1 september 2020

Overlevingsstrategieën van planten

Als de zomer voorbij is begint de natuur zich klaar te maken voor de winter. De dagen worden korter, de zon schijnt minder en de temperaturen buiten worden lager. Voor planten is daarmee hun groeiseizoen voorbij. Doordat er minder zonlicht is kunnen ze minder goed groeien, en door de lagere temperaturen werken ook hun wortels minder goed, zodat ze minder goed water en voedingsstoffen kunnen opnemen. Planten hebben daarom in de loop der tijd allerlei strategieën ontwikkeld om daar mee om te gaan.

Eénjarigen

Het allergemakkelijkst is het om als plant aan het eind van de zomer gewoon maar dood te gaan.
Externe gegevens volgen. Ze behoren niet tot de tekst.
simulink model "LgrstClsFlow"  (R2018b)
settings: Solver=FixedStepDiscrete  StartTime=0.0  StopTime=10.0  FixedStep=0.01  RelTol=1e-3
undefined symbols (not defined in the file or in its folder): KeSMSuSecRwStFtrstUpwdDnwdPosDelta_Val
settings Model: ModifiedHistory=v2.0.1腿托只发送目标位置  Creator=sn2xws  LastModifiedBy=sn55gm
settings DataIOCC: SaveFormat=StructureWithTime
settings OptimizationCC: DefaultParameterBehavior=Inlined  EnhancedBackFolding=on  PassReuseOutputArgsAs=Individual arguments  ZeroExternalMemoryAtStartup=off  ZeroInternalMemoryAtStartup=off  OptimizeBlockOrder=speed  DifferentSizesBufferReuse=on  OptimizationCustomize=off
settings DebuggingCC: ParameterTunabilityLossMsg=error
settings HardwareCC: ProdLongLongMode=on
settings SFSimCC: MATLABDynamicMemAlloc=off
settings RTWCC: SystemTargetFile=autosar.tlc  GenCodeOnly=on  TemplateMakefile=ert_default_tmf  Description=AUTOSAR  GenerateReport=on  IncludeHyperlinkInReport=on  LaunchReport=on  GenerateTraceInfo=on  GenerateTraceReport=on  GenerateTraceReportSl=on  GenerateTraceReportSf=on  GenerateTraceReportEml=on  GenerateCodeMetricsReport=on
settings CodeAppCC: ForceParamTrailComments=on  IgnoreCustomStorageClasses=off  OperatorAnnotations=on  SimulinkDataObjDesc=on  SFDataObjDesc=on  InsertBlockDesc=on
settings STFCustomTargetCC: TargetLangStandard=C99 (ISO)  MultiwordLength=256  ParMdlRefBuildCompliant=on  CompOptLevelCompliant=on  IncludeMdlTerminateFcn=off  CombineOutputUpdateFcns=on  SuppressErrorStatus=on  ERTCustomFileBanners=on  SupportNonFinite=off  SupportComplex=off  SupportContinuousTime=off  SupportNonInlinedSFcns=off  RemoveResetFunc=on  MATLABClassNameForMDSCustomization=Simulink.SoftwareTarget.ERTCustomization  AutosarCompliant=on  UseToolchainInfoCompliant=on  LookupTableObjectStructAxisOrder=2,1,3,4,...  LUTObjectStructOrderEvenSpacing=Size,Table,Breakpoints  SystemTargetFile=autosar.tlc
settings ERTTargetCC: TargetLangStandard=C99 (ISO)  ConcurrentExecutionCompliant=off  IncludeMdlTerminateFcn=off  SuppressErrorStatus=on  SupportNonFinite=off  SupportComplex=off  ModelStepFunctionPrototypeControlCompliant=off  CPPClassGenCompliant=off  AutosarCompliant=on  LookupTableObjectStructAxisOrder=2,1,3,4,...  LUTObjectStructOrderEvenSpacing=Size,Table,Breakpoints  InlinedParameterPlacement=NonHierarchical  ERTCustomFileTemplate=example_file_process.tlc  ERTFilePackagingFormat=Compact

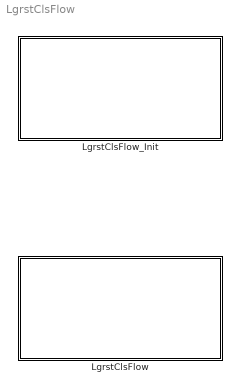
== system LgrstClsFlow ==
  LgrstClsFlow : Subsystem
  LgrstClsFlow_Init : Subsystem

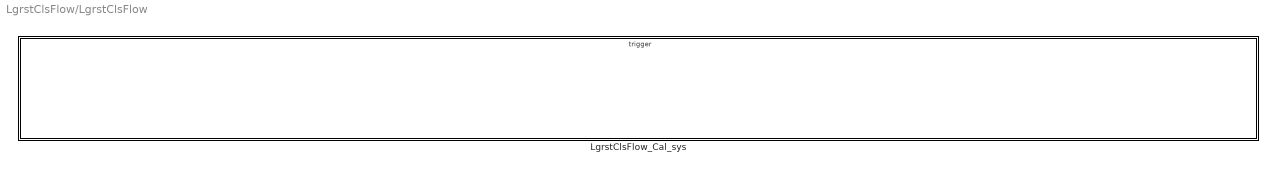
== system LgrstClsFlow/LgrstClsFlow ==
  LgrstClsFlow_Cal_sys : Subsystem

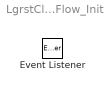
== system LgrstClsFlow/LgrstClsFlow_Init ==
  Event Listener : EventListener  EventName=reset

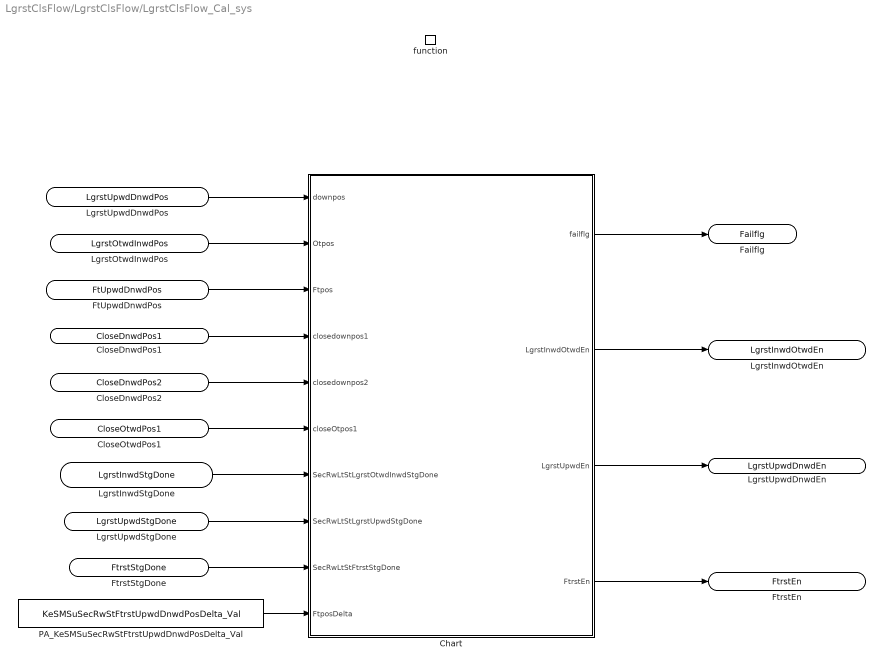
== system LgrstClsFlow/LgrstClsFlow/LgrstClsFlow_Cal_sys ==
  function : TriggerPort  TriggerType=function-call  IsSimulinkFunction=on  FunctionName=LgrstClsFlow_Cal  VariantControl=(inherit)
  Chart : Stateflow chart  TreatAsAtomicUnit=on
  PA_KeSMSuSecRwStFtrstUpwdDnwdPosDelta_Val : Constant  Value=KeSMSuSecRwStFtrstUpwdDnwdPosDelta_Val
  LgrstUpwdDnwdPos : ArgIn  OutDataTypeStr=uint16  ArgumentName=LgrstUpwdDnwdPos
  LgrstOtwdInwdPos : ArgIn  Port=2  OutDataTypeStr=uint16  ArgumentName=LgrstOtwdInwdPos
  FtUpwdDnwdPos : ArgIn  Port=3  OutDataTypeStr=uint16  ArgumentName=FtUpwdDnwdPos
  CloseDnwdPos1 : ArgIn  Port=4  OutDataTypeStr=uint16  ArgumentName=CloseDnwdPos1
  CloseDnwdPos2 : ArgIn  Port=5  OutDataTypeStr=uint16  ArgumentName=CloseDnwdPos2
  CloseOtwdPos1 : ArgIn  Port=6  OutDataTypeStr=uint16  ArgumentName=CloseOtwdPos1
  LgrstInwdStgDone : ArgIn  Port=7  OutDataTypeStr=boolean  ArgumentName=LgrstInwdStgDone
  LgrstUpwdStgDone : ArgIn  Port=8  OutDataTypeStr=boolean  ArgumentName=LgrstUpwdStgDone
  FtrstStgDone : ArgIn  Port=9  OutDataTypeStr=boolean  ArgumentName=FtrstStgDone
  Failflg : ArgOut  OutDataTypeStr=boolean  ArgumentName=Failflg
  LgrstInwdOtwdEn : ArgOut  Port=2  OutDataTypeStr=boolean  ArgumentName=LgrstInwdOtwdEn
  LgrstUpwdDnwdEn : ArgOut  Port=3  OutDataTypeStr=boolean  ArgumentName=LgrstUpwdDnwdEn
  FtrstEn : ArgOut  Port=4  OutDataTypeStr=boolean  ArgumentName=FtrstEn
  wires:
  PA_KeSMSuSecRwStFtrstUpwdDnwdPosDelta_Val/1 -> Chart/10(FtposDelta)
  Chart/1(failflg) -> Failflg/1
  LgrstUpwdDnwdPos/1 -> Chart/1(downpos)
  LgrstOtwdInwdPos/1 -> Chart/2(Otpos)
  FtUpwdDnwdPos/1 -> Chart/3(Ftpos)
  CloseDnwdPos1/1 -> Chart/4(closedownpos1)
  LgrstInwdStgDone/1 -> Chart/7(SecRwLtStLgrstOtwdInwdStgDone)
  CloseDnwdPos2/1 -> Chart/5(closedownpos2)
  CloseOtwdPos1/1 -> Chart/6(closeOtpos1)
  LgrstUpwdStgDone/1 -> Chart/8(SecRwLtStLgrstUpwdStgDone)
  FtrstStgDone/1 -> Chart/9(SecRwLtStFtrstStgDone)
  Chart/2(LgrstInwdOtwdEn) -> LgrstInwdOtwdEn/1
  Chart/4(FtrstEn) -> FtrstEn/1
  Chart/3(LgrstUpwdEn) -> LgrstUpwdDnwdEn/1

== stateflow chart LgrstClsFlow/LgrstClsFlow_Cal_sys/Chart ==
  (default) -> (junction 105) : {
      | failflg=0;
      | LgrstInwdOtwdEn=0;
      | LgrstUpwdEn=0;
      | FtrstEn=0;
      | }
  (junction 105) -> (junction 107) [order 1] : [SecRwLtStLgrstOtwdInwdStgDone]
  (junction 105) -> (junction 82) [order 2] : {
      | LgrstInwdOtwdEn=1;
      | }
  (junction 107) -> (junction 109)
  (junction 109) -> (junction 82)
  (junction 82) -> (junction 87)
  (junction 87) -> (junction 94) [order 1] : [SecRwLtStLgrstUpwdStgDone]
  (junction 87) -> (junction 91) [order 2] : {
      | LgrstUpwdEn=1;
      | }
  (junction 94) -> (junction 96)
  (junction 96) -> (junction 91)
  (junction 91) -> (junction 182)
  data: downpos input uint16; Otpos input uint16; Ftpos input uint16; closedownpos1 input uint16; closedownpos2 input uint16; closeOtpos1 input uint16; SecRwLtStLgrstOtwdInwdStgDone input boolean; SecRwLtStLgrstUpwdStgDone input boolean; SecRwLtStFtrstStgDone input boolean; FtposDelta input uint16; failflg output boolean; LgrstInwdOtwdEn output boolean; LgrstUpwdEn output boolean; FtrstEn output boolean
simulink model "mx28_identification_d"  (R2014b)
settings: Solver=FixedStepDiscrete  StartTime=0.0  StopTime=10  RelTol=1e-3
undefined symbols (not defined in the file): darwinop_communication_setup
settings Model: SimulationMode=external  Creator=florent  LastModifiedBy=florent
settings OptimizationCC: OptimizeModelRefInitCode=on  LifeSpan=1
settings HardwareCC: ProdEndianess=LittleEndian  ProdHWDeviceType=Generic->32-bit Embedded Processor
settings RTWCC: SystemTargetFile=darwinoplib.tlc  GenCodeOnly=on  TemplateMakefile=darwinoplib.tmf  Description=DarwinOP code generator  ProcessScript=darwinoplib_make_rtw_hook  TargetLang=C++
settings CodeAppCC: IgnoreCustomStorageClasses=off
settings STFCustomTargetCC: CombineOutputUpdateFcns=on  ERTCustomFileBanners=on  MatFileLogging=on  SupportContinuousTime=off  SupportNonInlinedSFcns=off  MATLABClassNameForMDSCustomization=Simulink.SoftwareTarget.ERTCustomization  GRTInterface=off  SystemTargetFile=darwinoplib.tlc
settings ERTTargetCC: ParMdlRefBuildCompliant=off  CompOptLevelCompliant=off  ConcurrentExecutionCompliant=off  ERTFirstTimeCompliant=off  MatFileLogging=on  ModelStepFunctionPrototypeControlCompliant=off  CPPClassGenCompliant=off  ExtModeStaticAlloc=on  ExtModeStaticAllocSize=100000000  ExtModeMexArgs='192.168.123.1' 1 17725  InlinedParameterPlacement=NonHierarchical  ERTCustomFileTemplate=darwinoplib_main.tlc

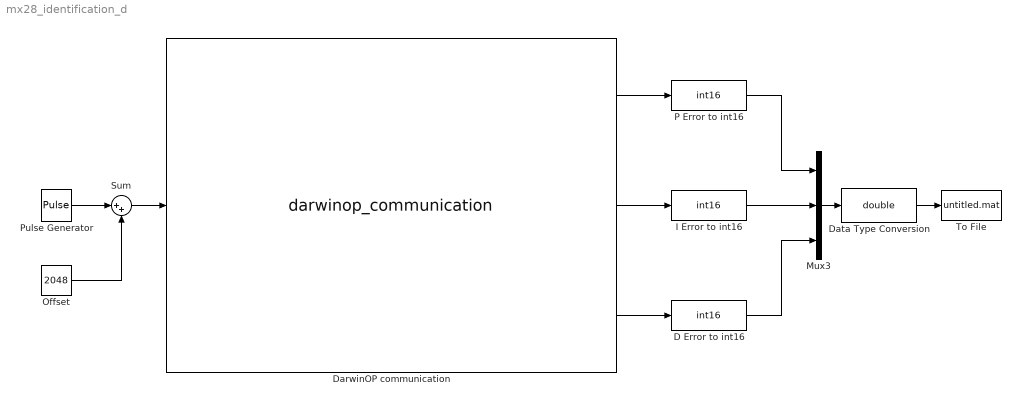
== system mx28_identification_d ==
  D Error to int16 : DataTypeConversion  OutDataTypeStr=int16  ConvertRealWorld=Stored Integer (SI)
  DarwinOP communication : M-S-Function  StartFcn=darwinop_communication_setup('StartFcn');  StopFcn=darwinop_communication_setup('StopFcn');  FunctionName=darwinop_communication  Parameters=IP,Port,Protocol,SampleTime,Frame,ReadIndex,WriteIndex  mask{IP=192.168.123.1, Port=1234, Protocol=tcp, SampleTime=0.004, Frame=[ 2 1 56 6 3 1 30 2 0 0], ReadIndex=[ 1 2;3 2;5 2], WriteIndex=[ 9 2]}
      settings: DeleteFcn=darwinop_communication_setup('DeleteFcn');  ModelCloseFcn=darwinop_communication_setup('ModelCloseFcn');  NameChangeFcn=darwinop_communication_setup('NameChangeFcn');  OpenFcn=darwinop_communication_setup('OpenFcn');
      mask TypeOptions Protocol: tcp | udp
      mask Display:
      | image('darwin-blk.jpg')
      | 
      | port_label('output',1,'Épaule droite (tangage)(1)/Erreur P')
      | port_label('output',2,'Épaule droite (tangage)(1)/Erreur I')
      | port_label('output',3,'Épaule droite (tangage)(1)/Erreur D')
      | 
      | port_label('input',1,'Épaule droite (tangage)(1)/Consigne de position')
  Data Type Conversion : DataTypeConversion  OutDataTypeStr=double
  I Error to int16 : DataTypeConversion  OutDataTypeStr=int16  ConvertRealWorld=Stored Integer (SI)
  Mux3 : Mux  Inputs=3
  Offset : Constant  Value=2048
  P Error to int16 : DataTypeConversion  OutDataTypeStr=int16  ConvertRealWorld=Stored Integer (SI)
  Pulse Generator : DiscretePulseGenerator  Amplitude=1024  Period=2000  PulseWidth=1000  PhaseDelay=250  SampleTime=0.004
  Sum : Sum  Inputs=|++
  To File : ToFile  MatrixName=Data
  wires:
  Offset/1 -> Sum/2
  Pulse Generator/1 -> Sum/1
  Mux3/1 -> Data Type Conversion/1
  Data Type Conversion/1 -> To File/1
  Sum/1 -> DarwinOP communication/1
  P Error to int16/1 -> Mux3/1
  I Error to int16/1 -> Mux3/2
  D Error to int16/1 -> Mux3/3
  DarwinOP communication/1 -> P Error to int16/1
  DarwinOP communication/2 -> I Error to int16/1
  DarwinOP communication/3 -> D Error to int16/1
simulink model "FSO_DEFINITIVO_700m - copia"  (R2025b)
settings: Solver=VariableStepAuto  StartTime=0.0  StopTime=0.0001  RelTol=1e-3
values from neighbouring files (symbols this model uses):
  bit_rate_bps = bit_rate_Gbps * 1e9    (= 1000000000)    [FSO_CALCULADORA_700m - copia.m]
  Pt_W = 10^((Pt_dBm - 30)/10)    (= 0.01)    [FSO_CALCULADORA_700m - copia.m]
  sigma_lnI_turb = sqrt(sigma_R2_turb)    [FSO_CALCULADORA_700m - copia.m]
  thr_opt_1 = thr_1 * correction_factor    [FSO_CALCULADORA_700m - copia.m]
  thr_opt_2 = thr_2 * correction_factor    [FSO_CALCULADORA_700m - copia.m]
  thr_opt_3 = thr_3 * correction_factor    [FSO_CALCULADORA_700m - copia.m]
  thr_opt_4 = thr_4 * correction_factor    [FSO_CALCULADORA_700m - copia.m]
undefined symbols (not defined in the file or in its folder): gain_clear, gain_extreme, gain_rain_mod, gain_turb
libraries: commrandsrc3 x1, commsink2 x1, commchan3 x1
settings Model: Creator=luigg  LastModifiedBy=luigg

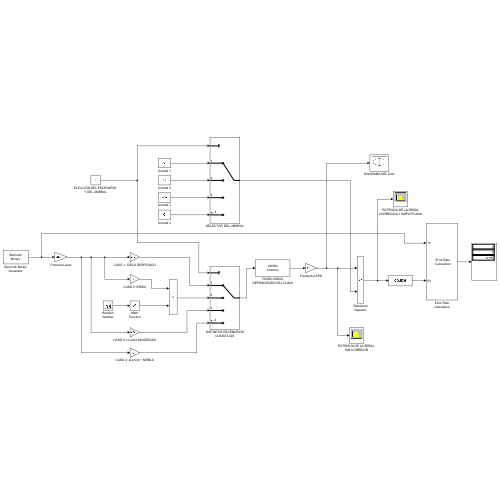
[thumbnail: Simulink's stored preview of the top-level diagram]
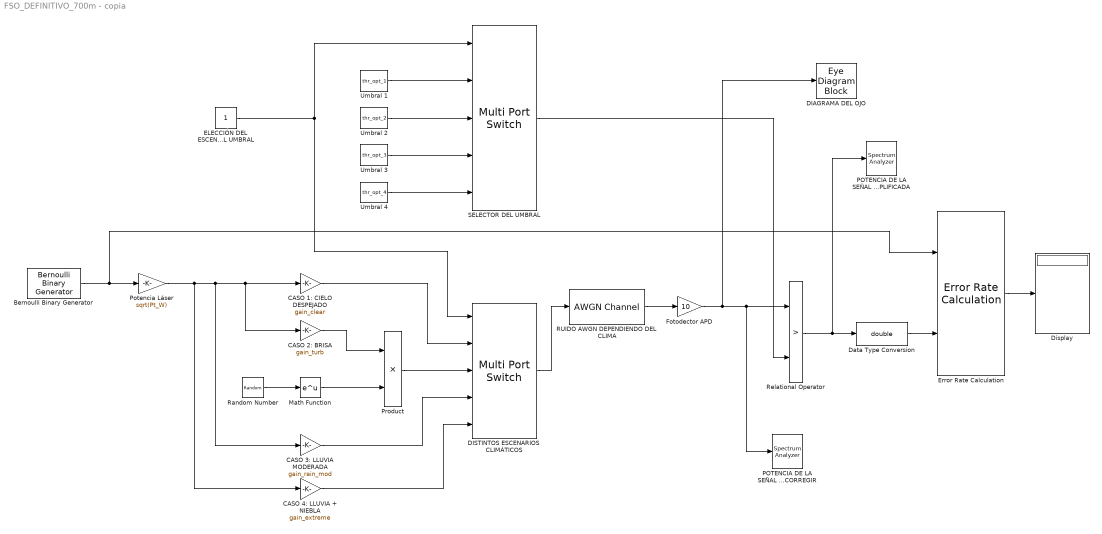
== system FSO_DEFINITIVO_700m - copia ==
  Bernoulli Binary Generator : commrandsrc3/Bernoulli Binary Generator  ProbabilityOfZero=0.5  SeedSource=Auto  Seed=0  SampleTime=1/bit_rate_bps  SamplesPerFrame=1  OutputDataType=double  SimulateUsing=Interpreted execution
  CASO 1: CIELO DESPEJADO : Gain  Gain=gain_clear
  CASO 2: BRISA : Gain  Gain=gain_turb
  CASO 3: LLUVIA MODERADA : Gain  Gain=gain_rain_mod
  CASO 4: LLUVIA + NIEBLA : Gain  Gain=gain_extreme
  DIAGRAMA DEL OJO : EyeDiagramBlock  WindowPosition=[517.000000,96.000000,662.000000,600.000000,]  Visible=on  ScopeFrameLocation=window  SamplesPerSymbol=1
  DISTINTOS ESCENARIOS CLIMÁTICOS : MultiPortSwitch  Inputs=4  SaturateOnIntegerOverflow=off  InputSameDT=off
  Data Type Conversion : DataTypeConversion  OutDataTypeStr=double  SaturateOnIntegerOverflow=off  RndMeth=Floor
  Display : Display
  ELECCIÓN DEL ESCENARIO Y DEL UMBRAL : Constant
  Error Rate Calculation : commsink2/Error Rate Calculation  N=0  st_delay=0  cp_mode=Entire frame  subframe=[]  PMode=Port  WsName=ErrorVec  RsMode2=off  stop=off  numErr=100  maxBits=1e6
  Fotodector APD : Gain  Gain=10
  Math Function : Math
  POTENCIA DE LA SEÑAL CORREGIDA Y AMPLIFICADA : SpectrumAnalyzer  WindowPosition=[369.000000,235.000000,798.000000,394.000000,]  Visible=on  ScopeFrameLocation=window  WindowInvariantSamplesPerUpdate=on  Span=999999999.9999999  StartFrequency=-499999999.99999994  StopFrequency=499999999.99999994  YLimits=[-13.728 28.0091]  SelectedToolstripTab=spectrumAnalyzerToolstrip.spectrumTab
  "POTENCIA DE LA SEÑAL SIN CORREGIR " : SpectrumAnalyzer  WindowPosition=[368.000000,182.000000,800.000000,500.000000,]  Visible=on  ScopeFrameLocation=window  WindowInvariantSamplesPerUpdate=on  Span=999999999.9999999  StartFrequency=-499999999.99999994  StopFrequency=499999999.99999994  YLimits=[-18.281 23.5162]
  Potencia Láser : Gain  Gain=sqrt(Pt_W)
  Product : Product
  RUIDO AWGN DEPENDIENDO DEL CLIMA : commchan3/AWGN Channel  LegacyMode=off  NoiseMethod="Signal to noise ratio  (Eb/No)"  noiseMode="Signal to noise ratio  (SNR)"  EbNo=30  EsNo=10  SNR=30  BitsPerSymbol=1  SignalPower=SigPow_1  SpecifySymbolPeriod=on  SamplesPerSymbol=1  SymbolPeriod=1/bit_rate_bps  VarianceSource=Parameter  Variance=1  RandomStream=Global stream  Seed=67  SimulateUsing=Code generation
  Random Number : RandomNumber  Mean=-sigma_lnI_turb^2 / 2  Variance=sigma_lnI_turb^2  Seed=[12345]  SampleTime=1e-3
  Relational Operator : RelationalOperator  Operator=>  OutDataTypeStr=boolean  RndMeth=Simplest  InputSameDT=off
  SELECTOR DEL UMBRAL : MultiPortSwitch  Inputs=4  SaturateOnIntegerOverflow=off  InputSameDT=off
  Umbral 1 : Constant  Value=thr_opt_1
  Umbral 2 : Constant  Value=thr_opt_2
  Umbral 3 : Constant  Value=thr_opt_3
  Umbral 4 : Constant  Value=thr_opt_4
  wires:
  CASO 2: BRISA/1 -> Product/1
  Potencia Láser/1 -> CASO 4: LLUVIA + NIEBLA/1, CASO 3: LLUVIA MODERADA/1, CASO 2: BRISA/1, CASO 1: CIELO DESPEJADO/1
  Random Number/1 -> Math Function/1
  Math Function/1 -> Product/2
  ELECCIÓN DEL ESCENARIO Y DEL UMBRAL/1 -> DISTINTOS ESCENARIOS CLIMÁTICOS/1, SELECTOR DEL UMBRAL/1
  Product/1 -> DISTINTOS ESCENARIOS CLIMÁTICOS/3
  Umbral 1/1 -> SELECTOR DEL UMBRAL/2
  Umbral 2/1 -> SELECTOR DEL UMBRAL/3
  Umbral 3/1 -> SELECTOR DEL UMBRAL/4
  Umbral 4/1 -> SELECTOR DEL UMBRAL/5
  Bernoulli Binary Generator/1 -> Error Rate Calculation/1, Potencia Láser/1
  DISTINTOS ESCENARIOS CLIMÁTICOS/1 -> RUIDO AWGN DEPENDIENDO DEL CLIMA/1
  Error Rate Calculation/1 -> Display/1
  RUIDO AWGN DEPENDIENDO DEL CLIMA/1 -> Fotodector APD/1
  Data Type Conversion/1 -> Error Rate Calculation/2
  SELECTOR DEL UMBRAL/1 -> Relational Operator/2
  Relational Operator/1 -> POTENCIA DE LA SEÑAL CORREGIDA Y AMPLIFICADA/1, Data Type Conversion/1
  Fotodector APD/1 -> "POTENCIA DE LA SEÑAL SIN CORREGIR "/1, Relational Operator/1, DIAGRAMA DEL OJO/1
  CASO 3: LLUVIA MODERADA/1 -> DISTINTOS ESCENARIOS CLIMÁTICOS/4
  CASO 4: LLUVIA + NIEBLA/1 -> DISTINTOS ESCENARIOS CLIMÁTICOS/5
  CASO 1: CIELO DESPEJADO/1 -> DISTINTOS ESCENARIOS CLIMÁTICOS/2

Dat soort planten noemen we éénjarigen: planten die in één seizoen kiemen, opgroeien, bloeien, zaadjes verspreiden en weer afsterven. Heel veel akkerkruiden en bermplanten gebruiken die strategie.

Een voorbeeld dat iedereen wel kent is de klaproos. Waar in de zomer de vrolijke rode bloemetjes hebben gestaan, staan tegen de herfst alleen maar wat dorre stengeltjes met een zaaddoosje. Zo’n zaaddoosje werkt als een zoutvaatje: als je er tegen tikt of mee schudt, strooien de zaadjes in het rond. In de grond wachten ze de winter af om in het volgende voorjaar te kiemen.

Tweejarigen

Sommige planten krijgen het in één groeiseizoen niet voor elkaar om groot genoeg te worden. Die kiezen voor een andere strategie: in het eerste jaar ontkiemen ze, maar ze bloeien nog niet. Ze verzamelen al hun kracht in een wortelrozet van bladeren, vlak bij de grond. Zo overleven ze de donkere winterperiode, soms zelfs onder de sneeuw. In het tweede jaar hebben ze dan al een flinke voorsprong en kunnen snel heel groot worden om te bloeien en zaadjes te maken.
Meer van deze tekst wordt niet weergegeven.